Here are the files: bad.zip

[k4lizen]

@gsingh93

[disconnect3d]

cc: @lebr0nli :)

[lebr0nli]

Run info func main for both. One result returned for junior_formatter, zero results returned for junior_formatter_patched. main can be found in junior_formatter_patched with readelf and pwntools (via elf.symbols['main']).

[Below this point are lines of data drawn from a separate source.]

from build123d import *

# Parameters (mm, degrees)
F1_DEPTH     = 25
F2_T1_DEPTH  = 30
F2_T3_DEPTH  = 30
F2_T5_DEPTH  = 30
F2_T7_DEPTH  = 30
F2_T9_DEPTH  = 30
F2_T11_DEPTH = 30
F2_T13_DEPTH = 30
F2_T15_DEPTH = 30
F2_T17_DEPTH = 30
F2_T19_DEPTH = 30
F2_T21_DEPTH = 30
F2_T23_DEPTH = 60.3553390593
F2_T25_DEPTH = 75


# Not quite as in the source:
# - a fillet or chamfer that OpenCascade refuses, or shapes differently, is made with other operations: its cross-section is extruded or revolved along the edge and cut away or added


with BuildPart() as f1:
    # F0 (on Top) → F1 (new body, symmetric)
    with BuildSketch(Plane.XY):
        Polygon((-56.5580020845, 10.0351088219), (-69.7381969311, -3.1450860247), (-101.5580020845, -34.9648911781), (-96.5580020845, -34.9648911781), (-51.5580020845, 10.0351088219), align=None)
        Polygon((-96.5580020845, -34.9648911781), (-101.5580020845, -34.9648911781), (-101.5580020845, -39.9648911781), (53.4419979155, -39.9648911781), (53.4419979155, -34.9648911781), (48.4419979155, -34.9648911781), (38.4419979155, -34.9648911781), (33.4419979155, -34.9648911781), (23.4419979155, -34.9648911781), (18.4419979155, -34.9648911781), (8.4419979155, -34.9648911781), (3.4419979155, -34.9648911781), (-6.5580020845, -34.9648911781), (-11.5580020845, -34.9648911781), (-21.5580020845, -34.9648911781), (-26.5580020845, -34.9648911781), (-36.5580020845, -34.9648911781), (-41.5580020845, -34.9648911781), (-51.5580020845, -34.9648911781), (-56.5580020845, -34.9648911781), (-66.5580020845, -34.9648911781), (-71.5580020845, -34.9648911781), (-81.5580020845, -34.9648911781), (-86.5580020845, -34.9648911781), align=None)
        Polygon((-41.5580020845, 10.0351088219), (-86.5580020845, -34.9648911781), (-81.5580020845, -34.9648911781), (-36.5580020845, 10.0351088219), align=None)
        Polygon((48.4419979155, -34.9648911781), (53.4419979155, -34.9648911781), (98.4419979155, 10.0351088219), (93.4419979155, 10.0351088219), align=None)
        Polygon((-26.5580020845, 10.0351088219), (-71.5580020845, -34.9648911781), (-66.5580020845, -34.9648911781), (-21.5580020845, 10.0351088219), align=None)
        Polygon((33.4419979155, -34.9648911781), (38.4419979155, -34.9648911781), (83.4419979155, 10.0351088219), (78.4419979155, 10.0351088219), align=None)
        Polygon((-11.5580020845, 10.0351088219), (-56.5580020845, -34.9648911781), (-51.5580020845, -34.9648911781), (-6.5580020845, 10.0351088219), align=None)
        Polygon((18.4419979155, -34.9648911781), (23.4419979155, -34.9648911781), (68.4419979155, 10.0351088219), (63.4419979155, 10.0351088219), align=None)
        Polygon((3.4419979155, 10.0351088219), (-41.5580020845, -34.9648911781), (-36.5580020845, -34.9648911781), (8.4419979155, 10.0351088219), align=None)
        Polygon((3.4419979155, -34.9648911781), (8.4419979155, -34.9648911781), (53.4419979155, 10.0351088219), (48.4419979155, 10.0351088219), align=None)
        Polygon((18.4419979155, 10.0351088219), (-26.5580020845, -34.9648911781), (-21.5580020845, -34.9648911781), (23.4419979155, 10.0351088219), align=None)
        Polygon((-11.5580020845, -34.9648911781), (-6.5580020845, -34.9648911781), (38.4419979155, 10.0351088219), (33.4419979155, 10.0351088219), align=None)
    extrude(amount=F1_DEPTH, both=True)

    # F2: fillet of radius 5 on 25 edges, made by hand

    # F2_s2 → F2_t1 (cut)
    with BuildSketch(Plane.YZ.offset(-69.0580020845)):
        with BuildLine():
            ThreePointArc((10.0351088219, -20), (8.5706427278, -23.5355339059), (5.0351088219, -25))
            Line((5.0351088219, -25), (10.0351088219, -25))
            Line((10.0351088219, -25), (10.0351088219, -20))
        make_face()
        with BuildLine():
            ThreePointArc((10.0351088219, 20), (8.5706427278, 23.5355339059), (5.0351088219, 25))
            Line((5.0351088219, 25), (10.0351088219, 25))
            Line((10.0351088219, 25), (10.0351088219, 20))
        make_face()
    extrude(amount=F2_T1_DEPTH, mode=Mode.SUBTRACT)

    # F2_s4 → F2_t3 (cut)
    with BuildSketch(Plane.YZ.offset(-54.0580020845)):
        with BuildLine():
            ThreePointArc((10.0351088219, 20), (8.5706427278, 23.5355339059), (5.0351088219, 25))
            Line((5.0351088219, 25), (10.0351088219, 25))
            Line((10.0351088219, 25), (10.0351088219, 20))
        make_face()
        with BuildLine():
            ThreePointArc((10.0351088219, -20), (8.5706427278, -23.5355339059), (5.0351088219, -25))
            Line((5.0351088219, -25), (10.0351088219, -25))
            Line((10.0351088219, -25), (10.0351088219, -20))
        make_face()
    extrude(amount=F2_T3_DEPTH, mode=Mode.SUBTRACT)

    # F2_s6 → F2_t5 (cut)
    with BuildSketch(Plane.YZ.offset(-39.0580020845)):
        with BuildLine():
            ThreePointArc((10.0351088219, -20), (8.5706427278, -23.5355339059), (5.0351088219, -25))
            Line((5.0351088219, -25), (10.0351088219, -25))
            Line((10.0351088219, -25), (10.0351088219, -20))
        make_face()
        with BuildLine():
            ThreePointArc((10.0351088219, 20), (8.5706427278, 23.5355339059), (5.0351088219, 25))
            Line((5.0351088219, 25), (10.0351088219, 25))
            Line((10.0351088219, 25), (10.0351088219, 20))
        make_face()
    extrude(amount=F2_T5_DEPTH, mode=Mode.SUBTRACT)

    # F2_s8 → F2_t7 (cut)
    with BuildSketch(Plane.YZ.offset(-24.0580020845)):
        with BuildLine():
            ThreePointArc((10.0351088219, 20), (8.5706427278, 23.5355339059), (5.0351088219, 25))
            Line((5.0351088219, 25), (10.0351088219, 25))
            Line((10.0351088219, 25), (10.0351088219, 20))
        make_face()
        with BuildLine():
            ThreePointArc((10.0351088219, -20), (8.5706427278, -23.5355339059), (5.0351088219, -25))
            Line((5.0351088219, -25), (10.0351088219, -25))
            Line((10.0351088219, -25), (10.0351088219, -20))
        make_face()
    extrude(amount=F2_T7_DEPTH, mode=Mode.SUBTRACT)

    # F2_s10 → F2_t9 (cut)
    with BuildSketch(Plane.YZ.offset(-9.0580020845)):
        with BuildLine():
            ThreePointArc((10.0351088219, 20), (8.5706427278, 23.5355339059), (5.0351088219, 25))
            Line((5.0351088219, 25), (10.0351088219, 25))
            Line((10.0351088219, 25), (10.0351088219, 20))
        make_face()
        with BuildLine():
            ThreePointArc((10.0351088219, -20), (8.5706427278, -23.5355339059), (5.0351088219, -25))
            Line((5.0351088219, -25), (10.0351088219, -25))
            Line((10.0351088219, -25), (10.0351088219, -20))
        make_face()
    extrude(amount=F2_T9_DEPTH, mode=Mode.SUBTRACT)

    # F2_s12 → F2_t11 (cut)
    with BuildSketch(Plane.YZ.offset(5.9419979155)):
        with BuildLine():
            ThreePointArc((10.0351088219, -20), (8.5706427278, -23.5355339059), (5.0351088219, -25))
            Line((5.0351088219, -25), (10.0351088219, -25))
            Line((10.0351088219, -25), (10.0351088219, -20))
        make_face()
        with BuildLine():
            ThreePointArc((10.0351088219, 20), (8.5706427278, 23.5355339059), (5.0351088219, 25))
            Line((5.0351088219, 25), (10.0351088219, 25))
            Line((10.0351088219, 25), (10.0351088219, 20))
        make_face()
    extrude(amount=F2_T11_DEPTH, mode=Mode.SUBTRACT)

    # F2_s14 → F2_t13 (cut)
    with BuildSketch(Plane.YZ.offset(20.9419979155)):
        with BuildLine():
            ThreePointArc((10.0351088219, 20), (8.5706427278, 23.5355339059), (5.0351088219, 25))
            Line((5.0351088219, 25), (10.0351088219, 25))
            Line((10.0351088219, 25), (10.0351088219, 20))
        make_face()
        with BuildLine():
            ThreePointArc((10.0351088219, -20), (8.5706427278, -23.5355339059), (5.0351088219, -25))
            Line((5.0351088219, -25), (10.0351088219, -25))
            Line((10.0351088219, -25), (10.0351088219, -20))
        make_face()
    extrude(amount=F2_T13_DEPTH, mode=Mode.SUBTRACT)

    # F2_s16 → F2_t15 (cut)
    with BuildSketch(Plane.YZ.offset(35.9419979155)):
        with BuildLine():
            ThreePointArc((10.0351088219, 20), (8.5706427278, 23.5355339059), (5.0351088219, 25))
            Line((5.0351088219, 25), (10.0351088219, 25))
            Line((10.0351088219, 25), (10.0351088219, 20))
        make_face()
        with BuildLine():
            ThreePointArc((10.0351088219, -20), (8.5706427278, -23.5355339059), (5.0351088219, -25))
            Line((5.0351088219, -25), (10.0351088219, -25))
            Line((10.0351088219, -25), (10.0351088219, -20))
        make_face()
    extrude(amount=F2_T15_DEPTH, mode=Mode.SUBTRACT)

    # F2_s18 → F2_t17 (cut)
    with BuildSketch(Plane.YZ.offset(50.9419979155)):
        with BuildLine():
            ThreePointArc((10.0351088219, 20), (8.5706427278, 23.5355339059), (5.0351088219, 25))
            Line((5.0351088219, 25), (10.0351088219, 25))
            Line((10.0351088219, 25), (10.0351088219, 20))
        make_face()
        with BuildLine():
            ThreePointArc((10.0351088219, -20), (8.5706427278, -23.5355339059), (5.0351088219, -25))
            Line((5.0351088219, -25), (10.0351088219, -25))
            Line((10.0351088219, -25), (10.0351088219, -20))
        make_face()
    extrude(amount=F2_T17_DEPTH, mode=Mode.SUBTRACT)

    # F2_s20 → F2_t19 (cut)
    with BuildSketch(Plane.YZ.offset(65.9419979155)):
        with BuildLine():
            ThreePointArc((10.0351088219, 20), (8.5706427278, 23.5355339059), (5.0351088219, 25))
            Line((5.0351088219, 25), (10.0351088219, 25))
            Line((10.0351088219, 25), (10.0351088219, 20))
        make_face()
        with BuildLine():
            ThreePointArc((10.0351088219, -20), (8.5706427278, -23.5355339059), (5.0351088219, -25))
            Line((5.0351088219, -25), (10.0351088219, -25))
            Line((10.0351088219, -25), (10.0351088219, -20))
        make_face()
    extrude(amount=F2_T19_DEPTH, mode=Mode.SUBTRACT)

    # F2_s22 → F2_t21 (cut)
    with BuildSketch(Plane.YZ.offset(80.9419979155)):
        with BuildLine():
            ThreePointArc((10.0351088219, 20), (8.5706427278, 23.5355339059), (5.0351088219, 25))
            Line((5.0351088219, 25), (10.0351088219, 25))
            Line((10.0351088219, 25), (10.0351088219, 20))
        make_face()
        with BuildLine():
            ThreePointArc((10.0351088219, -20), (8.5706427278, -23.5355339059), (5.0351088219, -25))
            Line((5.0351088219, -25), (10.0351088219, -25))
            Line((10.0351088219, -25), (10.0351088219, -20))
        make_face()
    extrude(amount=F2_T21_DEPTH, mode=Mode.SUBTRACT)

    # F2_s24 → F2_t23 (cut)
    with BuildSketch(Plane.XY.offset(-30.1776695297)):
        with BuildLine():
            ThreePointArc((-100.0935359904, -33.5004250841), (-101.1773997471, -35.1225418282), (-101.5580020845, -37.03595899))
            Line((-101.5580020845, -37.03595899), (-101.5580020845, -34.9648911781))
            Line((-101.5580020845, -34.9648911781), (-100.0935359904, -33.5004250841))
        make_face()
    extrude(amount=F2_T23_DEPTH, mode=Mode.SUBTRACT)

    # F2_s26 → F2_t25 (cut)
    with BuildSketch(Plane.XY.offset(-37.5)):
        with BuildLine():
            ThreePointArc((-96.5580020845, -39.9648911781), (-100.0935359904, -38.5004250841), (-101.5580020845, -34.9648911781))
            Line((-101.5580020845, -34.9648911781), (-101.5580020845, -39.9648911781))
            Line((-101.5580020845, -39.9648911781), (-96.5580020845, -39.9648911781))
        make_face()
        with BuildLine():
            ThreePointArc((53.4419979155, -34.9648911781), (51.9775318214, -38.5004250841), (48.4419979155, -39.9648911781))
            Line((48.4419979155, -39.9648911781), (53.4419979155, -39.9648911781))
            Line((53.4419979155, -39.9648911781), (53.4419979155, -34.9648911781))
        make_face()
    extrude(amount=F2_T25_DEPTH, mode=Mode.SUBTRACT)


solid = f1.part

I'm not sure the reason why info func main can't find main after patchelf, but at least this is not the pwndbg's issue I guess.
This can be reproduced with:

$ gdb -q -nx ./junior_formatter_patched -ex 'starti'
...
(gdb) info func main
All functions matching regular expression "main":
(gdb) 

Regarding the original issue about our heap and bins commands, it seems to work fine with the libc and ld you provided after patchelf.
This can be verified with:

$ cat a.c
#include <stdlib.h>

int main(){
    free(malloc(0x10));
}
$ gcc a.c
$ pwninit
bin: ./a.out
libc: ./libc.so.6
ld: ./ld-linux.so

copying ./a.out to ./a.out_patched
running patchelf on ./a.out_patched
$ ldd a.out_patched
	linux-vdso.so.1 (0x00007ffe52fc7000)
	libc.so.6 => ./libc.so.6 (0x00007f8aff2eb000)
	./ld-linux.so => /lib64/ld-linux-x86-64.so.2 (0x00007f8aff51c000)
$ gdb -q a.out_patched -ex 'set debug-file-directory' -ex 'start' -ex 'next' -ex 'next' -ex 'next' -ex 'next' -ex 'heap' -ex 'bins'
...
Allocated chunk | PREV_INUSE
Addr: 0x55855568d000
Size: 0x290 (with flag bits: 0x291)

Free chunk (tcachebins) | PREV_INUSE
Addr: 0x55855568d290
Size: 0x20 (with flag bits: 0x21)
fd: 0x55855568d

Top chunk | PREV_INUSE
Addr: 0x55855568d2b0
Size: 0x20d50 (with flag bits: 0x20d51)

tcachebins
0x20 [  1]: 0x55855568d2a0 ◂— 0x0
fastbins
empty
unsortedbin
empty
smallbins
empty
largebins
empty
...

[k4lizen]

Oh I see, my bad. I will pull an issue on GDB and if it doesn't work out I will pull a feature request here for improved symbol parsing, okay?

[anthraxx]

Which version of pwninit are you using, this is supposed to be fixed in 3.1.1 with a workaround io12/pwninit@ca34d07 The real issue seems to be in patchelf where it produces a broken result if multiple options are used at the same call.

[k4lizen]

pwninit 3.3.0

[anthraxx]

Sorry I had a typo. I fixed it in 3.3.1 so please upgrade your pwninit and try again 😊

[k4lizen]

Seems to work now! Thanks.

pwndbg> info func main
All functions matching regular expression "main":

Non-debugging symbols:
0x00000000000012bb  main
pwndbg>

[disconnect3d]

Is this issue still valid or was it fixed? cc: @k4lizen @lebr0nli @D1ag0n-Young pls, re-check.

[k4lizen]

Re-checked, works. The issue wasn't with pwndbg but with patchelf anyways, so should be good to close.